§ Requirement: From the first line to the last, retype the records exactly without their images.

§ Data section:
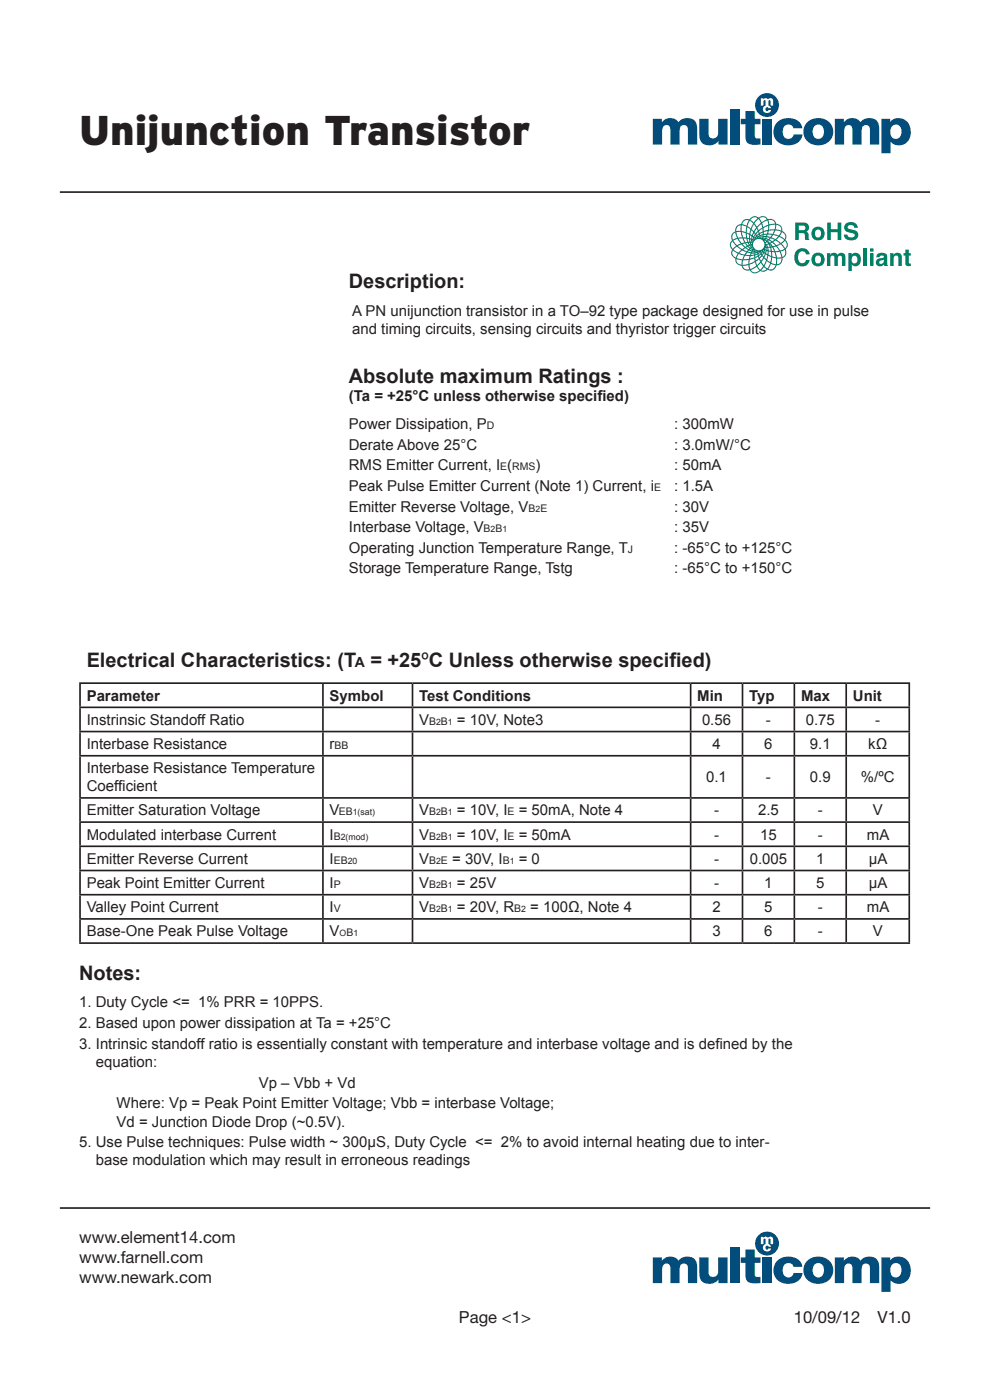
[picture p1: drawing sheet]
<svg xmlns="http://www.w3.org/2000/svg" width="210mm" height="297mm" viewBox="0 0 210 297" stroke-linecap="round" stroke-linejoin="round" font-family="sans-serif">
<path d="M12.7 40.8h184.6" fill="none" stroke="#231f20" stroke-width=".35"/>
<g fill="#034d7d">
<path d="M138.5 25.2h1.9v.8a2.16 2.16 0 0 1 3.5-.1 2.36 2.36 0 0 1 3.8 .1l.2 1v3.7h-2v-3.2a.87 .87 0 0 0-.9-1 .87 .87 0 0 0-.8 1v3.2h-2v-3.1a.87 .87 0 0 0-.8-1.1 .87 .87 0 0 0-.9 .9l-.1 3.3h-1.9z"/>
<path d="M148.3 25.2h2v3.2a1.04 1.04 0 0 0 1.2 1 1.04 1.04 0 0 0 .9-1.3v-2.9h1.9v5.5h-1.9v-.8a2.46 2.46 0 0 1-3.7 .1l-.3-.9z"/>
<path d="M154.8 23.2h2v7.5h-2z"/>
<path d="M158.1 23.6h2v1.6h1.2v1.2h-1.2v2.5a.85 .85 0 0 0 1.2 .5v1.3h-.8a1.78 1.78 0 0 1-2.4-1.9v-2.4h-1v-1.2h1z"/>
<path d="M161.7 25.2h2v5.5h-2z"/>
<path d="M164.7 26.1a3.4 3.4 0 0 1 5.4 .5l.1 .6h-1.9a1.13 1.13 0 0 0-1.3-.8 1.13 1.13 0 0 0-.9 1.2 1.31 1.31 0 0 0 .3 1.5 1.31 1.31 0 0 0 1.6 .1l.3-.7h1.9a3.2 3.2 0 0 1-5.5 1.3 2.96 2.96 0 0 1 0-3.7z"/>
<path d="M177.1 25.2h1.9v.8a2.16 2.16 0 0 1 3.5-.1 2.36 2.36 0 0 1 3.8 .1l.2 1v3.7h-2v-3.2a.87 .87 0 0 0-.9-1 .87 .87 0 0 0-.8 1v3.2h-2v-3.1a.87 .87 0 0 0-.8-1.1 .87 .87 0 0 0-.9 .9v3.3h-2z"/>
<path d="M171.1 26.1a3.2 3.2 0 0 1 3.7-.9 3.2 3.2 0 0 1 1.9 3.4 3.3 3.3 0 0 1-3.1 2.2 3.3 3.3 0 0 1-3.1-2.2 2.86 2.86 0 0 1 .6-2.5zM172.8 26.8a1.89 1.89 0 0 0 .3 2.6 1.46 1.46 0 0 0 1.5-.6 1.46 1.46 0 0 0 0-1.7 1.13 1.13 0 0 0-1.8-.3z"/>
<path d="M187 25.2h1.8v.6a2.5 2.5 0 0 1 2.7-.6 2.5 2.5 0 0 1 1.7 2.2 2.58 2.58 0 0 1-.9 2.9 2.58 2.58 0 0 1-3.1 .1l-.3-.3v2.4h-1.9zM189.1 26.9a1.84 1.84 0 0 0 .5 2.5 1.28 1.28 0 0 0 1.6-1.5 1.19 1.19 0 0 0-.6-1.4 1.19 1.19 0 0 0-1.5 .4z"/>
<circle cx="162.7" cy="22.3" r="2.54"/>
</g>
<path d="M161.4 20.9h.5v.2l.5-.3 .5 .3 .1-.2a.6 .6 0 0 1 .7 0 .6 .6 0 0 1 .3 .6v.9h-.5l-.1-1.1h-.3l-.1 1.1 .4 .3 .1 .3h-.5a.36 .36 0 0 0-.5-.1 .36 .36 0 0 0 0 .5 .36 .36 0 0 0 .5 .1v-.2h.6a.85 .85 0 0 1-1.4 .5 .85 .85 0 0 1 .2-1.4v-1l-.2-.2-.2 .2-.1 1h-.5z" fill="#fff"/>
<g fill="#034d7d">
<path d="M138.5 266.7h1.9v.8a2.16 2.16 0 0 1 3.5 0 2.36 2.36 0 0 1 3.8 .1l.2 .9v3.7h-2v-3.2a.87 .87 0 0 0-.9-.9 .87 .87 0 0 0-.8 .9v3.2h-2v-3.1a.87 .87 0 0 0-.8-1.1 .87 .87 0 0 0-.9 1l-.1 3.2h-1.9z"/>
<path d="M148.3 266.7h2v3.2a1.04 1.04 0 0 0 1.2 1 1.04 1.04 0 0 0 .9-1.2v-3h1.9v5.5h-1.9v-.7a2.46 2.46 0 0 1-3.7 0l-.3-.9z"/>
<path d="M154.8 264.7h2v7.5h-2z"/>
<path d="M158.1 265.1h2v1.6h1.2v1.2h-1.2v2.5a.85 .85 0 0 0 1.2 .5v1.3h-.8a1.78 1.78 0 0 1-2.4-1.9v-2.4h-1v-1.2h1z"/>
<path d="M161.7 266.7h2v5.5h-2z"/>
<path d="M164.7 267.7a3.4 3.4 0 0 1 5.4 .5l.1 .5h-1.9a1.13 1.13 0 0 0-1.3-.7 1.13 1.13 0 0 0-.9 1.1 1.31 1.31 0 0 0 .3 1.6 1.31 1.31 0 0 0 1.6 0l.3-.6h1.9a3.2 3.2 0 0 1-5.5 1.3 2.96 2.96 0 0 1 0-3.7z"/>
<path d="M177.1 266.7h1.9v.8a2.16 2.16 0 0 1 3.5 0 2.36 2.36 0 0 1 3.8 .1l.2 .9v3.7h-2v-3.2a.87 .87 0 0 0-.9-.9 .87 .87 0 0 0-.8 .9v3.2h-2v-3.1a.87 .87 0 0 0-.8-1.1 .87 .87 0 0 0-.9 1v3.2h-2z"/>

§ Written answer:
[picture p1: drawing sheet]
<svg xmlns="http://www.w3.org/2000/svg" width="210mm" height="297mm" viewBox="0 0 210 297" stroke-linecap="round" stroke-linejoin="round" font-family="sans-serif">
<path d="M12.7 40.8h184.6" fill="none" stroke="#231f20" stroke-width=".35"/>
<g fill="#034d7d">
<path d="M138.5 25.2h1.9v.8a2.16 2.16 0 0 1 3.5-.1 2.36 2.36 0 0 1 3.8 .1l.2 1v3.7h-2v-3.2a.87 .87 0 0 0-.9-1 .87 .87 0 0 0-.8 1v3.2h-2v-3.1a.87 .87 0 0 0-.8-1.1 .87 .87 0 0 0-.9 .9l-.1 3.3h-1.9z"/>
<path d="M148.3 25.2h2v3.2a1.04 1.04 0 0 0 1.2 1 1.04 1.04 0 0 0 .9-1.3v-2.9h1.9v5.5h-1.9v-.8a2.46 2.46 0 0 1-3.7 .1l-.3-.9z"/>
<path d="M154.8 23.2h2v7.5h-2z"/>
<path d="M158.1 23.6h2v1.6h1.2v1.2h-1.2v2.5a.85 .85 0 0 0 1.2 .5v1.3h-.8a1.78 1.78 0 0 1-2.4-1.9v-2.4h-1v-1.2h1z"/>
<path d="M161.7 25.2h2v5.5h-2z"/>
<path d="M164.7 26.1a3.4 3.4 0 0 1 5.4 .5l.1 .6h-1.9a1.13 1.13 0 0 0-1.3-.8 1.13 1.13 0 0 0-.9 1.2 1.31 1.31 0 0 0 .3 1.5 1.31 1.31 0 0 0 1.6 .1l.3-.7h1.9a3.2 3.2 0 0 1-5.5 1.3 2.96 2.96 0 0 1 0-3.7z"/>
<path d="M177.1 25.2h1.9v.8a2.16 2.16 0 0 1 3.5-.1 2.36 2.36 0 0 1 3.8 .1l.2 1v3.7h-2v-3.2a.87 .87 0 0 0-.9-1 .87 .87 0 0 0-.8 1v3.2h-2v-3.1a.87 .87 0 0 0-.8-1.1 .87 .87 0 0 0-.9 .9v3.3h-2z"/>
<path d="M171.1 26.1a3.2 3.2 0 0 1 3.7-.9 3.2 3.2 0 0 1 1.9 3.4 3.3 3.3 0 0 1-3.1 2.2 3.3 3.3 0 0 1-3.1-2.2 2.86 2.86 0 0 1 .6-2.5zM172.8 26.8a1.89 1.89 0 0 0 .3 2.6 1.46 1.46 0 0 0 1.5-.6 1.46 1.46 0 0 0 0-1.7 1.13 1.13 0 0 0-1.8-.3z"/>
<path d="M187 25.2h1.8v.6a2.5 2.5 0 0 1 2.7-.6 2.5 2.5 0 0 1 1.7 2.2 2.58 2.58 0 0 1-.9 2.9 2.58 2.58 0 0 1-3.1 .1l-.3-.3v2.4h-1.9zM189.1 26.9a1.84 1.84 0 0 0 .5 2.5 1.28 1.28 0 0 0 1.6-1.5 1.19 1.19 0 0 0-.6-1.4 1.19 1.19 0 0 0-1.5 .4z"/>
<circle cx="162.7" cy="22.3" r="2.54"/>
</g>
<path d="M161.4 20.9h.5v.2l.5-.3 .5 .3 .1-.2a.6 .6 0 0 1 .7 0 .6 .6 0 0 1 .3 .6v.9h-.5l-.1-1.1h-.3l-.1 1.1 .4 .3 .1 .3h-.5a.36 .36 0 0 0-.5-.1 .36 .36 0 0 0 0 .5 .36 .36 0 0 0 .5 .1v-.2h.6a.85 .85 0 0 1-1.4 .5 .85 .85 0 0 1 .2-1.4v-1l-.2-.2-.2 .2-.1 1h-.5z" fill="#fff"/>
<g fill="#034d7d">
<path d="M138.5 266.7h1.9v.8a2.16 2.16 0 0 1 3.5 0 2.36 2.36 0 0 1 3.8 .1l.2 .9v3.7h-2v-3.2a.87 .87 0 0 0-.9-.9 .87 .87 0 0 0-.8 .9v3.2h-2v-3.1a.87 .87 0 0 0-.8-1.1 .87 .87 0 0 0-.9 1l-.1 3.2h-1.9z"/>
<path d="M148.3 266.7h2v3.2a1.04 1.04 0 0 0 1.2 1 1.04 1.04 0 0 0 .9-1.2v-3h1.9v5.5h-1.9v-.7a2.46 2.46 0 0 1-3.7 0l-.3-.9z"/>
<path d="M154.8 264.7h2v7.5h-2z"/>
<path d="M158.1 265.1h2v1.6h1.2v1.2h-1.2v2.5a.85 .85 0 0 0 1.2 .5v1.3h-.8a1.78 1.78 0 0 1-2.4-1.9v-2.4h-1v-1.2h1z"/>
<path d="M161.7 266.7h2v5.5h-2z"/>
<path d="M164.7 267.7a3.4 3.4 0 0 1 5.4 .5l.1 .5h-1.9a1.13 1.13 0 0 0-1.3-.7 1.13 1.13 0 0 0-.9 1.1 1.31 1.31 0 0 0 .3 1.6 1.31 1.31 0 0 0 1.6 0l.3-.6h1.9a3.2 3.2 0 0 1-5.5 1.3 2.96 2.96 0 0 1 0-3.7z"/>
<path d="M177.1 266.7h1.9v.8a2.16 2.16 0 0 1 3.5 0 2.36 2.36 0 0 1 3.8 .1l.2 .9v3.7h-2v-3.2a.87 .87 0 0 0-.9-.9 .87 .87 0 0 0-.8 .9v3.2h-2v-3.1a.87 .87 0 0 0-.8-1.1 .87 .87 0 0 0-.9 1v3.2h-2z"/>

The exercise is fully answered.